Author W.P. Kinsella, whose well-received baseball novel “Shoeless Joe” was adapted into the iconic film “Field of Dreams,” has died at age 81.
According to multiple reports, the Canadian-born writer ended his own life under the country’s medically assisted-dying law. Canada is one of the few countries where doctors can legally help sick people die.
CBC News also notes that Kinsella had recently returned to writing for the first time since suffering a head injury in a 1997 car accident. For years, he lost the desire to write and create, but according to his literary agency rediscovered it in time to create one final project. His final novel is slated to be published and released next year.

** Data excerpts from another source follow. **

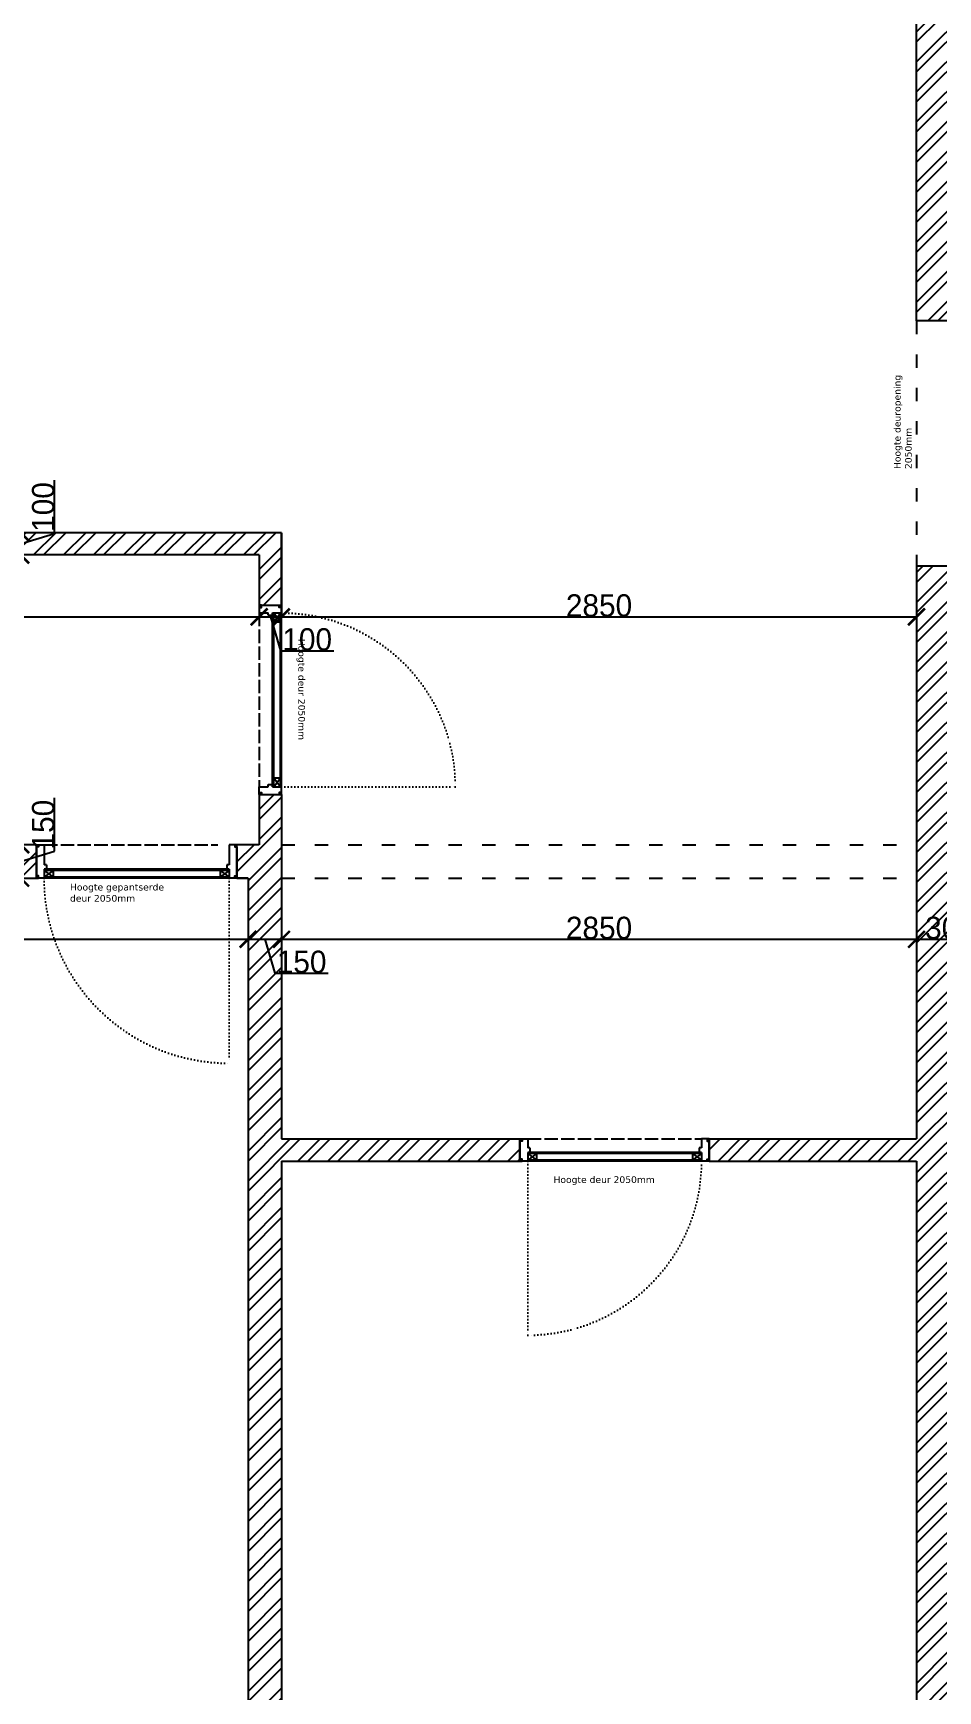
# Model space of a CAD drawing. Header units: millimetres. Extents: x -153917 to -31303, y -39726 to 31262.
# Drawn here: x -106194 to -102134, y 16276 to 23713 of the extents above; entities that cross this region are included whole.
import ezdxf

# ---------------------------------------------------------------- set-up
doc = ezdxf.new("R2010")
doc.units = ezdxf.units.MM
doc.header["$LTSCALE"] = 5
for name, pattern in [('ACAD_ISO02W100', [15, 12, -3]), ('ACAD_ISO03W100', [30, 12, -18]), ('ACAD_ISO07W100', [3, 0, -3])]:
    doc.linetypes.add(name, pattern=pattern)
for name, color, linetype in [('Bemating', 1, 'Continuous'), ('Deuren', 8, 'Continuous'), ('invulling muren', 252, 'Continuous'), ('muren', 7, 'Continuous'), ('Tekst', 7, 'Continuous')]:
    doc.layers.add(name, color=color, linetype=linetype)
doc.styles.add('Geneva', font='')
doc.styles.get('Geneva').set_extended_font_data('Geneva')
doc.dimstyles.new('ISO-25', dxfattribs={"dimtxt": 100, "dimasz": 25, "dimexe": 1.25, "dimexo": 0.625, "dimtad": 1, "dimtxsty": 'Standard', "dimblk": 'ARCHTICK', "dimcen": 2.5, "dimse1": 1, "dimse2": 1, "dimadec": 0, "dimazin": 0, "dimtfac": 1, "dimtmove": 0, "dimatfit": 3, "dimfxl": 1, "dimarcsym": 0})

# ---------------------------------------------------------------- blocks, each defined once
blk = doc.blocks.new('_ArchTick')
at = {"color": 0, "linetype": 'ByBlock', "const_width": 0.15}
blk.add_lwpolyline([(-0.5, -0.5), (0.5, 0.5)], dxfattribs=at)
blk = doc.blocks.new('*D248')
at = {"layer": 'Bemating', "color": 0, "lineweight": -2, "transparency": 16777216}
for p, q in [((-114929.6, 12398.2), (-114929.6, 12147)), ((-97729.6, 12398.2), (-97729.6, 12147)), ((-114929.6, 12148.2), (-97729.6, 12148.2))]:
    blk.add_line(p, q, dxfattribs=at)
at = {"layer": 'Defpoints', "color": 0, "transparency": 16777216}
for p in [(-114929.6, 23637.8), (-97729.6, 20357.8), (-97729.6, 12148.2)]:
    blk.add_point(p, dxfattribs=at)
at = {"layer": 'Bemating', "color": 0, "lineweight": -2, "transparency": 16777216, "xscale": 75, "yscale": 75, "zscale": 75, "rotation": 180}
blk.add_blockref('_ArchTick', (-114929.6, 12148.2), dxfattribs=at)
at = {"layer": 'Bemating', "color": 0, "lineweight": -2, "transparency": 16777216, "xscale": 75, "yscale": 75, "zscale": 75}
blk.add_blockref('_ArchTick', (-97729.6, 12148.2), dxfattribs=at)
at = {"layer": 'Bemating', "color": 0, "transparency": 16777216, "insert": (-106329.6, 12198.9), "char_height": 100, "attachment_point": 5, "style": 'Geneva'}
blk.add_mtext('17200', dxfattribs=at)
blk = doc.blocks.new('*D319')
at = {"layer": 'Bemating', "color": 0, "lineweight": -2, "transparency": 16777216}
for p, q in [((-109679.6, 19897.6), (-109679.6, 19646.3)), ((-105229.6, 19897.6), (-105229.6, 19646.3)), ((-109679.6, 19647.6), (-105229.6, 19647.6))]:
    blk.add_line(p, q, dxfattribs=at)
at = {"layer": 'Defpoints', "color": 0, "transparency": 16777216}
for p in [(-109679.6, 19921.8), (-105229.6, 19921.8), (-105229.6, 19647.6)]:
    blk.add_point(p, dxfattribs=at)
at = {"layer": 'Bemating', "color": 0, "lineweight": -2, "transparency": 16777216, "xscale": 75, "yscale": 75, "zscale": 75, "rotation": 180}
blk.add_blockref('_ArchTick', (-109679.6, 19647.6), dxfattribs=at)
at = {"layer": 'Bemating', "color": 0, "lineweight": -2, "transparency": 16777216, "xscale": 75, "yscale": 75, "zscale": 75}
blk.add_blockref('_ArchTick', (-105229.6, 19647.6), dxfattribs=at)
at = {"layer": 'Bemating', "color": 0, "transparency": 16777216, "insert": (-107454.6, 19698.2), "char_height": 100, "attachment_point": 5, "style": 'Geneva'}
blk.add_mtext('4450', dxfattribs=at)
blk = doc.blocks.new('*D320')
at = {"layer": 'Bemating', "color": 0, "lineweight": -2, "transparency": 16777216}
for p, q in [((-105229.6, 19897.6), (-105229.6, 19646.3)), ((-105079.6, 19897.6), (-105079.6, 19646.3)), ((-105229.6, 19647.6), (-105079.6, 19647.6)), ((-105154.6, 19647.6), (-105109, 19495.4)), ((-105109, 19495.4), (-104869.6, 19495.4))]:
    blk.add_line(p, q, dxfattribs=at)
at = {"layer": 'Defpoints', "color": 0, "transparency": 16777216}
for p in [(-105229.6, 19921.8), (-105079.6, 19921.8), (-105079.6, 19647.6)]:
    blk.add_point(p, dxfattribs=at)
at = {"layer": 'Bemating', "color": 0, "lineweight": -2, "transparency": 16777216, "xscale": 75, "yscale": 75, "zscale": 75, "rotation": 180}
blk.add_blockref('_ArchTick', (-105229.6, 19647.6), dxfattribs=at)
at = {"layer": 'Bemating', "color": 0, "lineweight": -2, "transparency": 16777216, "xscale": 75, "yscale": 75, "zscale": 75}
blk.add_blockref('_ArchTick', (-105079.6, 19647.6), dxfattribs=at)
at = {"layer": 'Bemating', "color": 0, "transparency": 16777216, "insert": (-104989.3, 19546), "char_height": 100, "attachment_point": 5, "style": 'Geneva'}
blk.add_mtext('150', dxfattribs=at)
blk = doc.blocks.new('*D321')
at = {"layer": 'Bemating', "color": 0, "lineweight": -2, "transparency": 16777216}
for p, q in [((-105079.6, 19897.6), (-105079.6, 19646.3)), ((-102229.6, 19897.6), (-102229.6, 19646.3)), ((-105079.6, 19647.6), (-102229.6, 19647.6))]:
    blk.add_line(p, q, dxfattribs=at)
at = {"layer": 'Defpoints', "color": 0, "transparency": 16777216}
for p in [(-105079.6, 19921.8), (-102229.6, 19921.8), (-102229.6, 19647.6)]:
    blk.add_point(p, dxfattribs=at)
at = {"layer": 'Bemating', "color": 0, "lineweight": -2, "transparency": 16777216, "xscale": 75, "yscale": 75, "zscale": 75, "rotation": 180}
blk.add_blockref('_ArchTick', (-105079.6, 19647.6), dxfattribs=at)
at = {"layer": 'Bemating', "color": 0, "lineweight": -2, "transparency": 16777216, "xscale": 75, "yscale": 75, "zscale": 75}
blk.add_blockref('_ArchTick', (-102229.6, 19647.6), dxfattribs=at)
at = {"layer": 'Bemating', "color": 0, "transparency": 16777216, "insert": (-103654.6, 19698.2), "char_height": 100, "attachment_point": 5, "style": 'Geneva'}
blk.add_mtext('2850', dxfattribs=at)
blk = doc.blocks.new('*D322')
at = {"layer": 'Bemating', "color": 0, "lineweight": -2, "transparency": 16777216}
for p, q in [((-102229.6, 19897.6), (-102229.6, 19646.3)), ((-101929.6, 19897.6), (-101929.6, 19646.3)), ((-102229.6, 19647.6), (-101929.6, 19647.6))]:
    blk.add_line(p, q, dxfattribs=at)
at = {"layer": 'Defpoints', "color": 0, "transparency": 16777216}
for p in [(-101929.6, 20511.8), (-102229.6, 19921.8), (-101929.6, 19647.6)]:
    blk.add_point(p, dxfattribs=at)
at = {"layer": 'Bemating', "color": 0, "lineweight": -2, "transparency": 16777216, "xscale": 75, "yscale": 75, "zscale": 75, "rotation": 180}
blk.add_blockref('_ArchTick', (-102229.6, 19647.6), dxfattribs=at)
at = {"layer": 'Bemating', "color": 0, "lineweight": -2, "transparency": 16777216, "xscale": 75, "yscale": 75, "zscale": 75}
blk.add_blockref('_ArchTick', (-101929.6, 19647.6), dxfattribs=at)
at = {"layer": 'Bemating', "color": 0, "transparency": 16777216, "insert": (-102079.6, 19698.2), "char_height": 100, "attachment_point": 5, "style": 'Geneva'}
blk.add_mtext('300', dxfattribs=at)
blk = doc.blocks.new('*D326')
at = {"layer": 'Bemating', "color": 0, "lineweight": -2, "transparency": 16777216}
for p, q in [((-111229.6, 21344.1), (-111229.6, 21092.8)), ((-105179.6, 21344.1), (-105179.6, 21092.8)), ((-111229.6, 21094.1), (-105179.6, 21094.1))]:
    blk.add_line(p, q, dxfattribs=at)
at = {"layer": 'Defpoints', "color": 0, "transparency": 16777216}
for p in [(-111229.6, 21371.8), (-105179.6, 21371.8), (-105179.6, 21094.1)]:
    blk.add_point(p, dxfattribs=at)
at = {"layer": 'Bemating', "color": 0, "lineweight": -2, "transparency": 16777216, "xscale": 75, "yscale": 75, "zscale": 75, "rotation": 180}
blk.add_blockref('_ArchTick', (-111229.6, 21094.1), dxfattribs=at)
at = {"layer": 'Bemating', "color": 0, "lineweight": -2, "transparency": 16777216, "xscale": 75, "yscale": 75, "zscale": 75}
blk.add_blockref('_ArchTick', (-105179.6, 21094.1), dxfattribs=at)
at = {"layer": 'Bemating', "color": 0, "transparency": 16777216, "insert": (-108204.6, 21144.7), "char_height": 100, "attachment_point": 5, "style": 'Geneva'}
blk.add_mtext('6050', dxfattribs=at)
blk = doc.blocks.new('*D327')
at = {"layer": 'Bemating', "color": 0, "lineweight": -2, "transparency": 16777216}
for p, q in [((-105179.6, 21344.1), (-105179.6, 21092.8)), ((-105079.6, 21344.1), (-105079.6, 21092.8)), ((-105179.6, 21094.1), (-105079.6, 21094.1)), ((-105129.6, 21094.1), (-105084, 20941.9)), ((-105084, 20941.9), (-104844.6, 20941.9))]:
    blk.add_line(p, q, dxfattribs=at)
at = {"layer": 'Defpoints', "color": 0, "transparency": 16777216}
for p in [(-105079.6, 21471.8), (-105179.6, 21371.8), (-105079.6, 21094.1)]:
    blk.add_point(p, dxfattribs=at)
at = {"layer": 'Bemating', "color": 0, "lineweight": -2, "transparency": 16777216, "xscale": 75, "yscale": 75, "zscale": 75, "rotation": 180}
blk.add_blockref('_ArchTick', (-105179.6, 21094.1), dxfattribs=at)
at = {"layer": 'Bemating', "color": 0, "lineweight": -2, "transparency": 16777216, "xscale": 75, "yscale": 75, "zscale": 75}
blk.add_blockref('_ArchTick', (-105079.6, 21094.1), dxfattribs=at)
at = {"layer": 'Bemating', "color": 0, "transparency": 16777216, "insert": (-104964.3, 20992.5), "char_height": 100, "attachment_point": 5, "style": 'Geneva'}
blk.add_mtext('100', dxfattribs=at)
blk = doc.blocks.new('*D328')
at = {"layer": 'Bemating', "color": 0, "lineweight": -2, "transparency": 16777216}
for p, q in [((-105079.6, 21344.1), (-105079.6, 21092.8)), ((-102229.6, 21321.2), (-102229.6, 21092.8)), ((-105079.6, 21094.1), (-102229.6, 21094.1))]:
    blk.add_line(p, q, dxfattribs=at)
at = {"layer": 'Defpoints', "color": 0, "transparency": 16777216}
for p in [(-105079.6, 21471.8), (-102229.6, 21321.8), (-102229.6, 21094.1)]:
    blk.add_point(p, dxfattribs=at)
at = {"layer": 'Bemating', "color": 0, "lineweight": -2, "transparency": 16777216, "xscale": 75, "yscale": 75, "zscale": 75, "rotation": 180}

As Chad Thornburg of MLB.com writes, much of Kinsella’s writing was focused on baseball. “Shoeless Joe,” which was published in 1982, was by far his most famous work. The magical story of Shoeless Joe and the Iowa farmer who brings baseball legends back to life by building a baseball diamond in his cornfield captured the imagination of more than just baseball fans. Through both the book and the movie, it’s also captured the imagination of multiple generations.
That ability to connect with the audience and bring it together is what every writer aspires to do. W.P. Kinsella not only accomplished that goal, he delivered a timeless masterpiece that could best be described as a literary home run.
We’ll miss his work, but we’ll always be thankful he shared his creativity with us.